Mettre en oeuvre le droit a la déconnexion dans votre entreprise

Le salarié 2.0 évolue dans un environnement dématérialisé via des outils tels que mail, téléphone, webinaire, gestion on line, applications, visioconférence etc…. Ce contexte accélère les phases de travail mais rend plus étroite la frontière entre vie privée et vie professionnelle.  Le droit à la déconnexion prend en compte cet environnement nouveau et prévoit la mise en oeuvre de mesures garantissant au salarié son droit au repos.

Nous vous invitons à cerner les contours du droit à la déconnexion qui va progressivement s’imposer tant sur le plan juridique que managérial.

Quels enjeux juridiques et RH ? 

Enjeu de prévention des risques: Au titre de son obligation de sécurité (article L 4121-1 CT),  l’employeur doit garantir au salarié périodes de repos sans aucun contact avec son activité professionnelle. Même s’il n’existe pas de sanction directe à ce jour, vous aurez compris qu’il s’agit de prévenir les risques psychosociaux (burn out, charge de travail) qui constituent souvent une pièce maîtresse du puzzle prud’homal.

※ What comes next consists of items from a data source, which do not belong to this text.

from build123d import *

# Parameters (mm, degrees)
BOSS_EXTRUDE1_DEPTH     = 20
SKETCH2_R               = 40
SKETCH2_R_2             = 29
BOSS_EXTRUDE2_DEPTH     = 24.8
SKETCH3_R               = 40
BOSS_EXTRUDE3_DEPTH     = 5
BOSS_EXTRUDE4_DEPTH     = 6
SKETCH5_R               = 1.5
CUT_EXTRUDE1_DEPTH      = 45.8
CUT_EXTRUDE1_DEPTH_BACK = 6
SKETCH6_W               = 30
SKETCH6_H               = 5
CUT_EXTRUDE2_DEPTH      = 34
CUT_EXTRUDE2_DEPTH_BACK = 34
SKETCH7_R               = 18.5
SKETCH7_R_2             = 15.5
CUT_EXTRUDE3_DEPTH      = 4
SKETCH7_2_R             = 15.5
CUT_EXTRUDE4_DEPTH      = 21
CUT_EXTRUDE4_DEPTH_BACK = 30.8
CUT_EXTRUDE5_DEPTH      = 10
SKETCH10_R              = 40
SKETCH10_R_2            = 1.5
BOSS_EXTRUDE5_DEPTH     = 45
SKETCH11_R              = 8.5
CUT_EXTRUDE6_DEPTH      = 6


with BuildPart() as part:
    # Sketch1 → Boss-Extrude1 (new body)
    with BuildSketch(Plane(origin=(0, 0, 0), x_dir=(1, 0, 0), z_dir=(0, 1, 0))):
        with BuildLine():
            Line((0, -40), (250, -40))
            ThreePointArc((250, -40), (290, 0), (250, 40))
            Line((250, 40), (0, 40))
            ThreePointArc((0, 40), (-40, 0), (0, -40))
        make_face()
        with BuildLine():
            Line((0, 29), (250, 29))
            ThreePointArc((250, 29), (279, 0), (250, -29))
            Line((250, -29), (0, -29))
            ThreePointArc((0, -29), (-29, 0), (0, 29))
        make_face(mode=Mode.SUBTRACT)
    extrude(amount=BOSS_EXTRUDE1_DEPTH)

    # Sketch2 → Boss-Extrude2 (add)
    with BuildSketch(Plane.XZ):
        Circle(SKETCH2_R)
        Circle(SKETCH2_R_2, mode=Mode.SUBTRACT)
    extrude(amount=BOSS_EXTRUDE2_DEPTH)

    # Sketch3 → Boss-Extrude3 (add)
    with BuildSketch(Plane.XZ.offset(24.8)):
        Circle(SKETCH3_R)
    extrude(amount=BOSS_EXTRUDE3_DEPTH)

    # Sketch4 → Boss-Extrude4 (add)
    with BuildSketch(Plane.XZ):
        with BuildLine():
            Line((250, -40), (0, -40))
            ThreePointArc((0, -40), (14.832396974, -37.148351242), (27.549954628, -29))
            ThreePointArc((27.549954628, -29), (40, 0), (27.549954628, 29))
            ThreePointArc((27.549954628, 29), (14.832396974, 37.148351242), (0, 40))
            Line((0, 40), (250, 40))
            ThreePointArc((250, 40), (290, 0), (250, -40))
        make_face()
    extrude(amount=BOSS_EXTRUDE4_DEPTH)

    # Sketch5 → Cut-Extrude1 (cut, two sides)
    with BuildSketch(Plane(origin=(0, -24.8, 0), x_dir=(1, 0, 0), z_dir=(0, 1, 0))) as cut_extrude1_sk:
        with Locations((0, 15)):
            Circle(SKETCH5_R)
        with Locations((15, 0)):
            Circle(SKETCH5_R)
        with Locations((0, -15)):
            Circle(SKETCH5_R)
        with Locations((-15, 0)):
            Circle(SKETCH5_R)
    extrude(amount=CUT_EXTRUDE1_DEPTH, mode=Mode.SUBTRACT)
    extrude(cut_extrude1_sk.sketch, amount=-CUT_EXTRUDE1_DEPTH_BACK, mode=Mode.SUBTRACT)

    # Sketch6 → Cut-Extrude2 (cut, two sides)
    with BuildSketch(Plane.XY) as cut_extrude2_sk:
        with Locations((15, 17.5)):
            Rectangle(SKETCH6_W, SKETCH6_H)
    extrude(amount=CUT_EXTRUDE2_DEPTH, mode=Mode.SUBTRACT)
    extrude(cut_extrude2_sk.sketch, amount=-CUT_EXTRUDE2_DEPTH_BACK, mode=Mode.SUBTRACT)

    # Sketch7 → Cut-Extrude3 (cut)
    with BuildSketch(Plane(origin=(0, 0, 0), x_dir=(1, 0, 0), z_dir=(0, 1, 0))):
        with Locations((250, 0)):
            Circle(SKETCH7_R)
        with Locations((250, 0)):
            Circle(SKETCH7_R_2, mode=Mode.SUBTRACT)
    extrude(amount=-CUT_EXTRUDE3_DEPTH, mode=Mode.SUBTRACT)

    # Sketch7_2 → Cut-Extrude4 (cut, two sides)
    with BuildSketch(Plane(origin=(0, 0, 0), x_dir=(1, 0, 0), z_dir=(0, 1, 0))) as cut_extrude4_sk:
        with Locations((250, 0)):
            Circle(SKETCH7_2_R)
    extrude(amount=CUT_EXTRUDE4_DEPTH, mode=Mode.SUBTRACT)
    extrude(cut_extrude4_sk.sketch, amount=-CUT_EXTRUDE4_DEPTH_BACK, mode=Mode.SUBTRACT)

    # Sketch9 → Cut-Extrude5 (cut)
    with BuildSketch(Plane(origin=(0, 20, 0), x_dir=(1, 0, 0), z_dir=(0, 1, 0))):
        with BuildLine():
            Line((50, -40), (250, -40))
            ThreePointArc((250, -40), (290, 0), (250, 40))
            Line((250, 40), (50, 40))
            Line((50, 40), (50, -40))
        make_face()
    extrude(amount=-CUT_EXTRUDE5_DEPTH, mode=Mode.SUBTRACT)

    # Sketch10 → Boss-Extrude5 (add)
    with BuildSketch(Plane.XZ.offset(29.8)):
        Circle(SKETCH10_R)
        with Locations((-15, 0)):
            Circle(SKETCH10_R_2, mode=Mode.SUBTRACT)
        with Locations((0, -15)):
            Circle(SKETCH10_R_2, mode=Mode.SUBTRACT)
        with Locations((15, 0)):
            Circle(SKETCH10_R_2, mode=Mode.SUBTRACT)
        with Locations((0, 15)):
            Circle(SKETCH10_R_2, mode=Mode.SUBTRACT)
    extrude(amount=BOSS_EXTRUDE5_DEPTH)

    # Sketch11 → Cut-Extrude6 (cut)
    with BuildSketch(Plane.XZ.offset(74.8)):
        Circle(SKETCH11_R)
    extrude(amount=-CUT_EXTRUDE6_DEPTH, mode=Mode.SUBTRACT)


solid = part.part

Enjeu lié aux contrôle du temps de travail: Le salarié 2.0 peut désormais tenter de faire valoir ses temps de connexion ou de log hors temps de travail pour les transformer en heures supplémentaires. Il s’agit donc de contrôler le temps de travail et de prévenir le risque lié à des rappels d’heures supplémentaires avec les lourdes conséquences qui s’en suivent (faute grave de l’employeur caractérisée par le non paiement des salaires et délit de travail dissimulé sur lequel l’URSSAF ne manquera pas de rebondir)

Enjeu managérial: Enfin, il s’agit de préserver les règles de bien séance et d’organiser son travail en évitant qu’une personne ne se concentre plus sur son téléphone portable que sur son interlocuteur lors d’une réunion ou en se donnant des plages de déconnexion pour s’affranchir temporairement des notifications mails ou messages en tout genre qui perturbent la concentration et nuisent au bon accomplissement du travail. Le droit à la déconnexion donne aussi l’occasion de revisiter ses pratiques managériales en évitant (sauf cas d’urgence) de notifier un message à traiter au salarié le dimanche soir pour le lundi matin ou de lui envoyer des flux de messages réguliers pendant ses temps de repos.

A qui s’applique -t-il ?

Même si les salariés au forfait jours sont particulièrement concernés, le droit à la déconnexion s’applique à tout salarié de l’entreprise et se concentre sur les phases dématérialisées de la fonction. Ainsi, tout salarié peut faire valoir ce droit quel que soit son statut ou sa fonction.

Quelles sont les obligations des entreprises ?

La Loi travail prévoit plusieurs déclinaisons du droit à la déconnexion.

Les accords collectifs de forfait jours doivent dorénavant prévoir les modalités selon lesquelles le salarié peut faire valoir son droit à la déconnexion.

Par ailleurs, le droit à la déconnexion s’impose désormais comme un thème obligatoire des NAO. L’obligation n’est pas de parvenir à un accord mais d’ouvrir des négociations.

Enfin, les entreprises de 50 salariés et plus n’ayant pas de délégué syndical, ont maintenant l’obligation de mettre en place une charte sur le droit à la déconnexion après avis des représentants du personnel. Elles ont également obligation de prévoir des actions de formation sur le bon usage des outils digitaux.

Quelles mesures peuvent être mises en oeuvre ?

Voici quelques exemples de mesures à mettre en oeuvre et à formaliser au titre du droit à la déconnexion:

  • Accès limité ou impossible aux outils de l’entreprise à partir d’une certaine heure
  • Blocage de messagerie, du serveur ou du téléphone professionnel soir et WE
  • Message automatique de traitement ultérieur des messages reçus sur les temps de repos du salarié
  • Déconnexion du salarié en télétravail en dehors des horaires d’ouvertures de l’entreprise
  • Pas d’obligation de connexion au serveur en dehors des heures de service

Même si ce nouveau droit peut être perçu comme une nouvelle contrainte, il est indispensable de s’y intéresser et de le décliner dans vos structures. Nous recommandons à toutes les entreprises, quelle que soit leur taille, de mettre en oeuvre à minima une charte afin de prendre en compte la logique préventive qu’impose ce nouveau droit.

A y réfléchir, passer du temps sans smartphone, sans ordinateur, sans mail, sans connection, sans push, sans notification, sans liker ou pas liker…mais qu’est ce que ça fait du bien !!!